(DESCRIPTION OF THE TASK)
Please state how many lines below include the word "drawing"; the reply should be the number only.

╔══

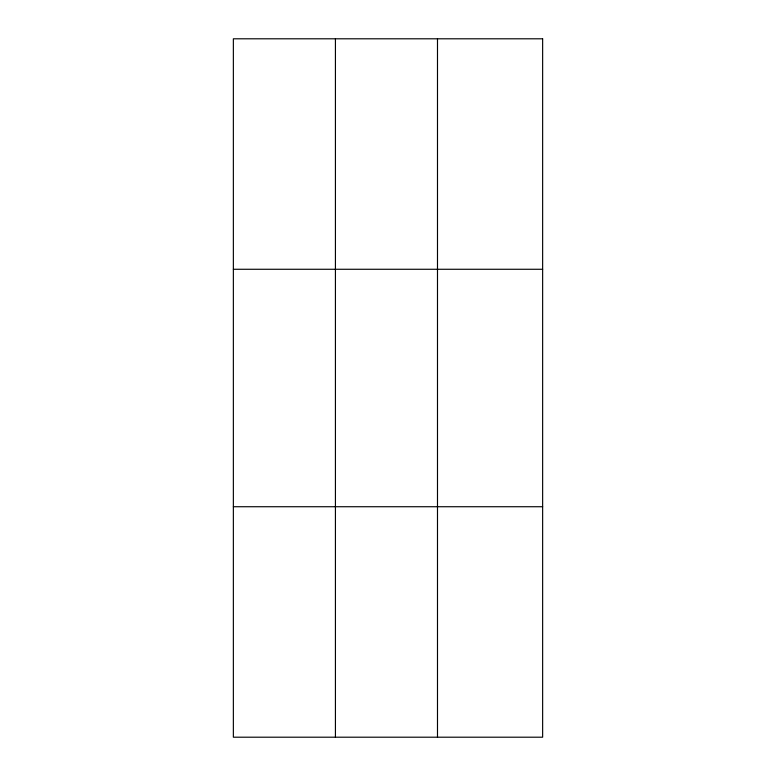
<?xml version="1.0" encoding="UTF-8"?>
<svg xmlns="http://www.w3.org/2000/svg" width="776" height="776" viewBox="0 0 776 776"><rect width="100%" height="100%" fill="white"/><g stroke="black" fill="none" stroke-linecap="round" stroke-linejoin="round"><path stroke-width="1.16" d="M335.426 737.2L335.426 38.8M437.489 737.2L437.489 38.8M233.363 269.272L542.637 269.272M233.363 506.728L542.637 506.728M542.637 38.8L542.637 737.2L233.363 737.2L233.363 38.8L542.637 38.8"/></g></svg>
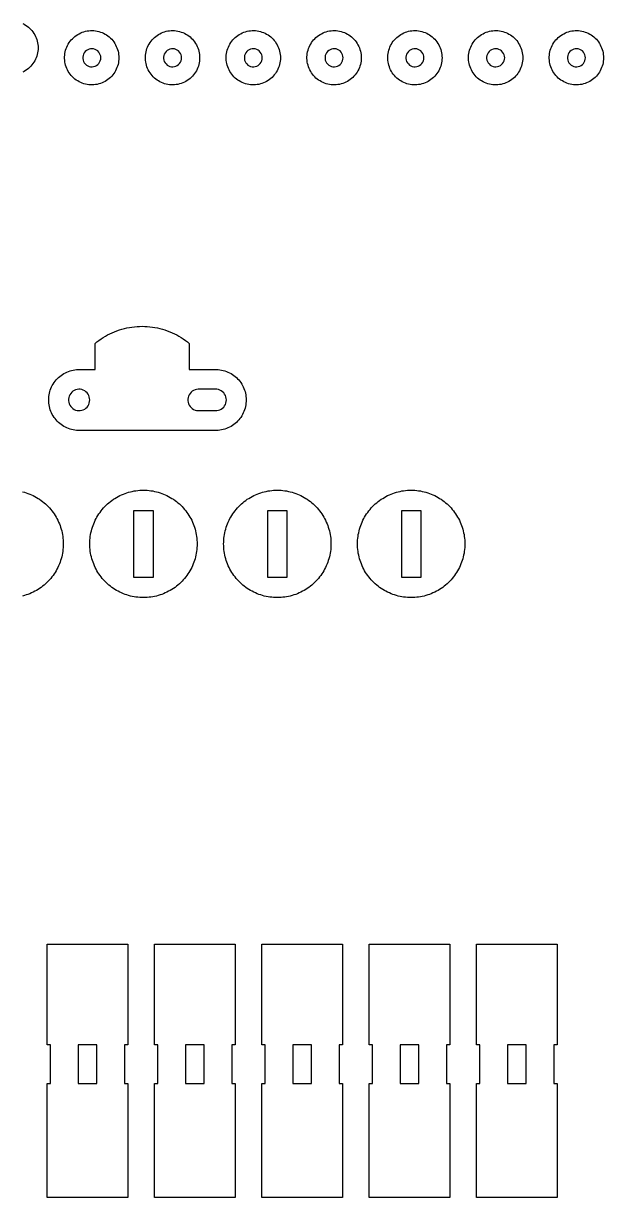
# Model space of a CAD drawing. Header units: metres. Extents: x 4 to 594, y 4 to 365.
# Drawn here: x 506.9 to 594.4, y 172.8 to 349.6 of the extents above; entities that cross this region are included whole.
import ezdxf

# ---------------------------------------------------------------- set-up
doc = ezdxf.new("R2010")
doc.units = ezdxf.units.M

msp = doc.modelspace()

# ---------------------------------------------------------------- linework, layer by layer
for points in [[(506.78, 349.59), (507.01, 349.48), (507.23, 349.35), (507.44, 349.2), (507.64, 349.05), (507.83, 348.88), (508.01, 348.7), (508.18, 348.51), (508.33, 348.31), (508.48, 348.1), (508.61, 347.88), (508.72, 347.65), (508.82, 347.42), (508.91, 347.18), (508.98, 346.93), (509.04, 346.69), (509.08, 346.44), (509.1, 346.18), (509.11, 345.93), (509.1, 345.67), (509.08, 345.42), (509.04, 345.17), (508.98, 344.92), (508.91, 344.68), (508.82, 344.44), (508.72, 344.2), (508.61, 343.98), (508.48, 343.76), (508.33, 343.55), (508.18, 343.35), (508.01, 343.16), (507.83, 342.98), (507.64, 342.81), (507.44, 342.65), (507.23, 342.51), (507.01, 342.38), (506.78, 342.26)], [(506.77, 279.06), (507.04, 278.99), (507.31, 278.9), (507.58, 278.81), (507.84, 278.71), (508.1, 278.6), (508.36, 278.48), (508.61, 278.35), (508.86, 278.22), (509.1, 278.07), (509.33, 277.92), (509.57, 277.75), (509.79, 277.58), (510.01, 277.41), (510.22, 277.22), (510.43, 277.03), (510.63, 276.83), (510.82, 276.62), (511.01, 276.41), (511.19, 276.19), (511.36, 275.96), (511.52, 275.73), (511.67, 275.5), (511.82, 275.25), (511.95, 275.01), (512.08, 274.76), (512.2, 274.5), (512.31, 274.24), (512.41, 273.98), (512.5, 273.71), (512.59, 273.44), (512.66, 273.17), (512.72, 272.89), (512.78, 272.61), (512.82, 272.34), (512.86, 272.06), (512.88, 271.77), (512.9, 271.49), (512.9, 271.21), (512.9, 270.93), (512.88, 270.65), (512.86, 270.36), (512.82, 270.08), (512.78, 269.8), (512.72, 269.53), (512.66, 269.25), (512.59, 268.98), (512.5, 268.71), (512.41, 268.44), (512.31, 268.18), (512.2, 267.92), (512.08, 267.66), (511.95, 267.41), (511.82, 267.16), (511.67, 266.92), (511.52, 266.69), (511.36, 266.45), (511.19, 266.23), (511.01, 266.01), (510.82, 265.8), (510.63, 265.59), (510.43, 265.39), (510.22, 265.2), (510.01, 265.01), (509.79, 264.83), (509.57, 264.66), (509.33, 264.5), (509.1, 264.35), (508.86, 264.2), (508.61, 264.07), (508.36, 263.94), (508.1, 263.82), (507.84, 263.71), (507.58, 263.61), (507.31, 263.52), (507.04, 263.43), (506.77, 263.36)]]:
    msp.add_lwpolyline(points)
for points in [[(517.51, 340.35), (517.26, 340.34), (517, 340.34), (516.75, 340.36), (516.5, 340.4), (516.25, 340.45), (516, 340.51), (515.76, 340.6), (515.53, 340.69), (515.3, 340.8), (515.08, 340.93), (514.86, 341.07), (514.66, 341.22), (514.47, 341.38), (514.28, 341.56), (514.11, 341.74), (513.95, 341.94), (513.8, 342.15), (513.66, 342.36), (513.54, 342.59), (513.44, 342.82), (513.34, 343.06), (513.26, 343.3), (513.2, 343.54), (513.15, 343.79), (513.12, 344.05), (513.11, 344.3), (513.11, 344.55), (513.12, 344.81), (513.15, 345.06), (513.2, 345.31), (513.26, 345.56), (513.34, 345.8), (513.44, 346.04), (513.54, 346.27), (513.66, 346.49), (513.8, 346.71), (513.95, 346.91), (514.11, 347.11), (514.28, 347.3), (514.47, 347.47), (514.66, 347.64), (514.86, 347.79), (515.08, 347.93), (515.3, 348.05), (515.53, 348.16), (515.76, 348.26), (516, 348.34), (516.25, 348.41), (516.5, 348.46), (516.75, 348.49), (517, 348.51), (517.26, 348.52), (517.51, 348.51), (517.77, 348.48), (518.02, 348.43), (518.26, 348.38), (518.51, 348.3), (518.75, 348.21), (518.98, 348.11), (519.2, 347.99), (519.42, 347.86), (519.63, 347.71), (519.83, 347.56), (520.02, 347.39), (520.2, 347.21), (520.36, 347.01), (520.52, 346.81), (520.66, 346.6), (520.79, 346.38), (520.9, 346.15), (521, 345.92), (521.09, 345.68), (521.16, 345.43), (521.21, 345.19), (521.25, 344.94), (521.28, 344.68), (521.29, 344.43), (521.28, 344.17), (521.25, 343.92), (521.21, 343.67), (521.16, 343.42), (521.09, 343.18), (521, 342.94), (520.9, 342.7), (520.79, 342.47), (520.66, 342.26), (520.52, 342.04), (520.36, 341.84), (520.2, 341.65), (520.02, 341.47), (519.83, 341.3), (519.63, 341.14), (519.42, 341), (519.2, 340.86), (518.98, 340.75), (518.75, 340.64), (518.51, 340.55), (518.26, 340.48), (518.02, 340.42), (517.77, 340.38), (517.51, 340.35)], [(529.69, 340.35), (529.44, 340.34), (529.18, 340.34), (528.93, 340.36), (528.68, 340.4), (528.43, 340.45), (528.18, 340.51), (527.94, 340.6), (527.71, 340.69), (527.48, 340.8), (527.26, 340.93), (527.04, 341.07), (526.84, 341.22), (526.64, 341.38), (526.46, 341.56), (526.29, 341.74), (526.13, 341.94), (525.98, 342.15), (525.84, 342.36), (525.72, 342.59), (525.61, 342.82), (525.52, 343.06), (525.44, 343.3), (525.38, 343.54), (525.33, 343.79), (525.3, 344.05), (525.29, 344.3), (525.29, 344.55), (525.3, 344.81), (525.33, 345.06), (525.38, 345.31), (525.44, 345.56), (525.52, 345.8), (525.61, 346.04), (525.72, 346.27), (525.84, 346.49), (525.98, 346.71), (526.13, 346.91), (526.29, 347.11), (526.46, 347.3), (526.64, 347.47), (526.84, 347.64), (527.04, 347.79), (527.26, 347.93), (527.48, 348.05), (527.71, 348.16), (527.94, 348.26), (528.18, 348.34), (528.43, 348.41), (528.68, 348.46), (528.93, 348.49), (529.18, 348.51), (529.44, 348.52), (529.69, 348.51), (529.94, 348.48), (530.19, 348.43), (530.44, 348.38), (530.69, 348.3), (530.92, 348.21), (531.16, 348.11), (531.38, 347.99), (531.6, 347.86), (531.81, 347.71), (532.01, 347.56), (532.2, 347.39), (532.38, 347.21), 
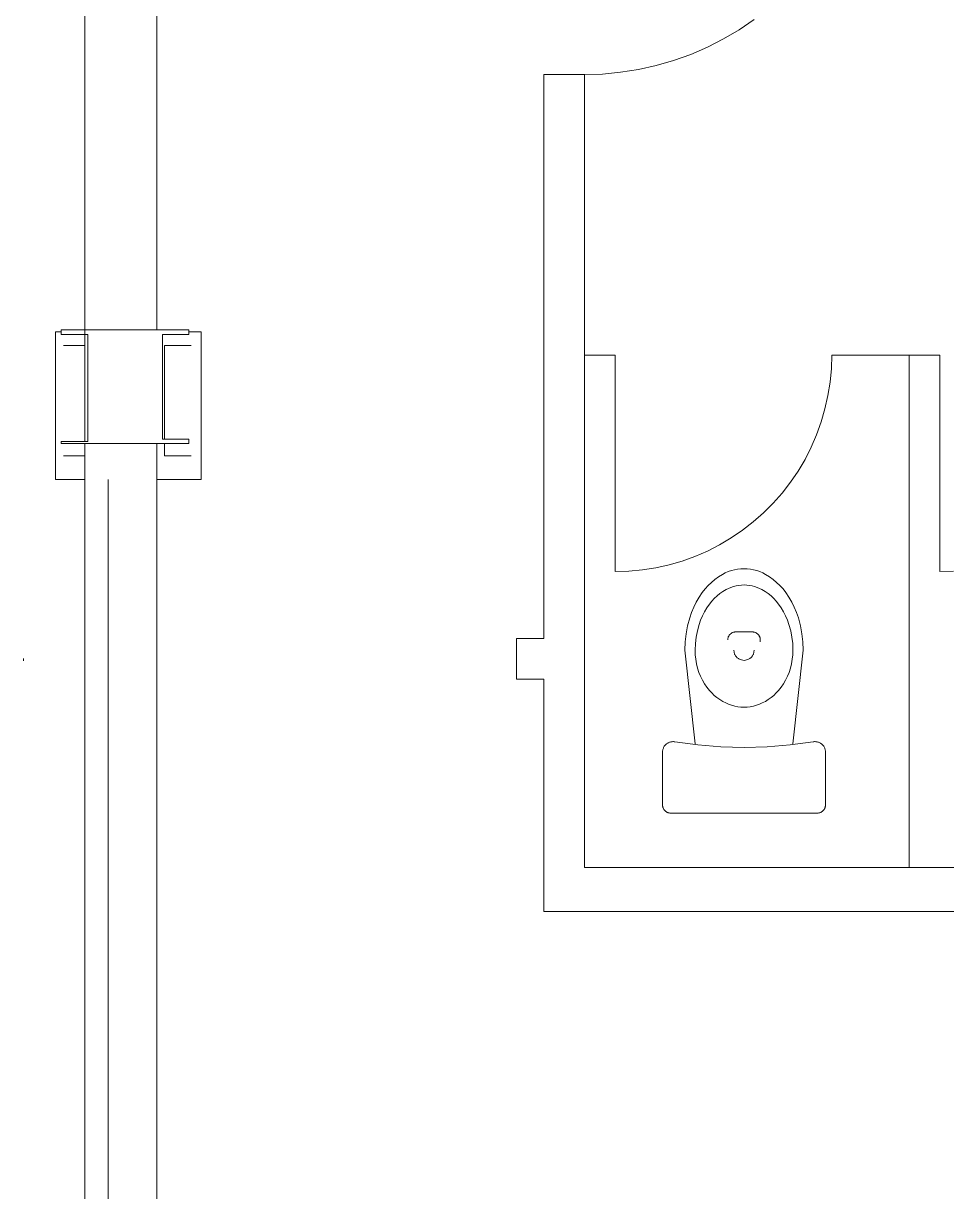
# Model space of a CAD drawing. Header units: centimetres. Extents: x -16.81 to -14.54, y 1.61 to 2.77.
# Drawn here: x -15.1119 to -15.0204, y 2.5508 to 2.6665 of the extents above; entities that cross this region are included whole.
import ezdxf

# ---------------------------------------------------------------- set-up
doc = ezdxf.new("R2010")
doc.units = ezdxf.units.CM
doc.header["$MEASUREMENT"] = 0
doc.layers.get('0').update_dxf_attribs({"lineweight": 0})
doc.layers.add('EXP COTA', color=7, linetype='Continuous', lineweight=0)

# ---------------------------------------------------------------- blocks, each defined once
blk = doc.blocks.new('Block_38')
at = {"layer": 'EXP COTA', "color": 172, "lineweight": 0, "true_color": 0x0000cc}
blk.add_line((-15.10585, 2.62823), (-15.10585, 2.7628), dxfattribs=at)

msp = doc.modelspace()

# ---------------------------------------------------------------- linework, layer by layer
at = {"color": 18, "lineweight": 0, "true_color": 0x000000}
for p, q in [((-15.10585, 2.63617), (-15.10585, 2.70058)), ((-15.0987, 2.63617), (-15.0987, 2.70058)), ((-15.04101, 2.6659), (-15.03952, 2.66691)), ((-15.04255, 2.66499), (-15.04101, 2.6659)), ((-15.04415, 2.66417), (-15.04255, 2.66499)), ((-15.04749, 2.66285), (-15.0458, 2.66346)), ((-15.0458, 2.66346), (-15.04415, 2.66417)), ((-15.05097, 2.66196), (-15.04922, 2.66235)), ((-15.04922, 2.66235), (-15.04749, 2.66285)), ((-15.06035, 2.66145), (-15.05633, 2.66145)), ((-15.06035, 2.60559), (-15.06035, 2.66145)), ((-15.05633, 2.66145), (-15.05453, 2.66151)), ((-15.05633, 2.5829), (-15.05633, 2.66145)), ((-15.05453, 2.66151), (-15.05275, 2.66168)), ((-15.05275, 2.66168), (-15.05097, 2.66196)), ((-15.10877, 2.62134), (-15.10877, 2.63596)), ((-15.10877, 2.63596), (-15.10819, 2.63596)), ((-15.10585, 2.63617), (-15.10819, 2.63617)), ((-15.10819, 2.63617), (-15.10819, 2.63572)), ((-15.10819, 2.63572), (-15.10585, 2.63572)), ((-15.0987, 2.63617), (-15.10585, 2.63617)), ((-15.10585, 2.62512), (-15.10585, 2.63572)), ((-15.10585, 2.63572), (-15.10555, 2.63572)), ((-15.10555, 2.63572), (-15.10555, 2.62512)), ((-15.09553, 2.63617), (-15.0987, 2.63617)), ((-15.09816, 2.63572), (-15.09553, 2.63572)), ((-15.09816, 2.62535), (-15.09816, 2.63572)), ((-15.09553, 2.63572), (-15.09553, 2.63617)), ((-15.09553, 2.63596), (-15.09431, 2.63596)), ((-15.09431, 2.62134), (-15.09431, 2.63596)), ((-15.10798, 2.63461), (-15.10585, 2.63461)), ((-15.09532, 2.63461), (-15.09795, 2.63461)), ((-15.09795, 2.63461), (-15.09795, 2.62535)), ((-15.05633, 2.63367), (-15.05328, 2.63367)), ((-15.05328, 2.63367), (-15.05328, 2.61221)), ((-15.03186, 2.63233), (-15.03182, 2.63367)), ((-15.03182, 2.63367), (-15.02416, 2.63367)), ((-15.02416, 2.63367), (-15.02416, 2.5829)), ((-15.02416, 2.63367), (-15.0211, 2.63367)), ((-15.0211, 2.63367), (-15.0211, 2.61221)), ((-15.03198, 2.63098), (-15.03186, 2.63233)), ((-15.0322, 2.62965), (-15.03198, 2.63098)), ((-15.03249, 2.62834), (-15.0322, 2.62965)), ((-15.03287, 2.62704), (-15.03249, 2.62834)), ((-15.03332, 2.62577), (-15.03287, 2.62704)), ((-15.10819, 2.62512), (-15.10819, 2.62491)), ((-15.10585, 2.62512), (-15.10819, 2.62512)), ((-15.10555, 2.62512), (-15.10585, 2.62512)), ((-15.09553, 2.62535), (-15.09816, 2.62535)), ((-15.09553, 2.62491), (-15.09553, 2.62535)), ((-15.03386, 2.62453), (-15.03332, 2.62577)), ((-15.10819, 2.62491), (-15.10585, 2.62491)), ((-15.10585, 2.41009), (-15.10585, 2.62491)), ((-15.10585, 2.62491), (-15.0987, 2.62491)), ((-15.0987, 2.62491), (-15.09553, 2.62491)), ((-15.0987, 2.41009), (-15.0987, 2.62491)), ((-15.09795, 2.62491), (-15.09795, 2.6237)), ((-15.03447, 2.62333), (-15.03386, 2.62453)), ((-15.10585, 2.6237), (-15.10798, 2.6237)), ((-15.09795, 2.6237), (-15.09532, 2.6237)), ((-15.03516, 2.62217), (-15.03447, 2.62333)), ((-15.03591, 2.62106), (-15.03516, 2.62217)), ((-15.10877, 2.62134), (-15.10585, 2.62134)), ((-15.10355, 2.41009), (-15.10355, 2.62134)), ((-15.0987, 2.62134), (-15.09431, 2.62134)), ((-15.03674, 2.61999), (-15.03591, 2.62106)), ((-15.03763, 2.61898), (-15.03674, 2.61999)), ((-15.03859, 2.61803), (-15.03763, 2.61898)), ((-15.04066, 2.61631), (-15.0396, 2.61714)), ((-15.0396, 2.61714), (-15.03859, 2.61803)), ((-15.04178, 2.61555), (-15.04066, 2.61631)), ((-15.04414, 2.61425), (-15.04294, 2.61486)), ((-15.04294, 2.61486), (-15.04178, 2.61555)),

╚══

(SOLVED EXERCISE)
2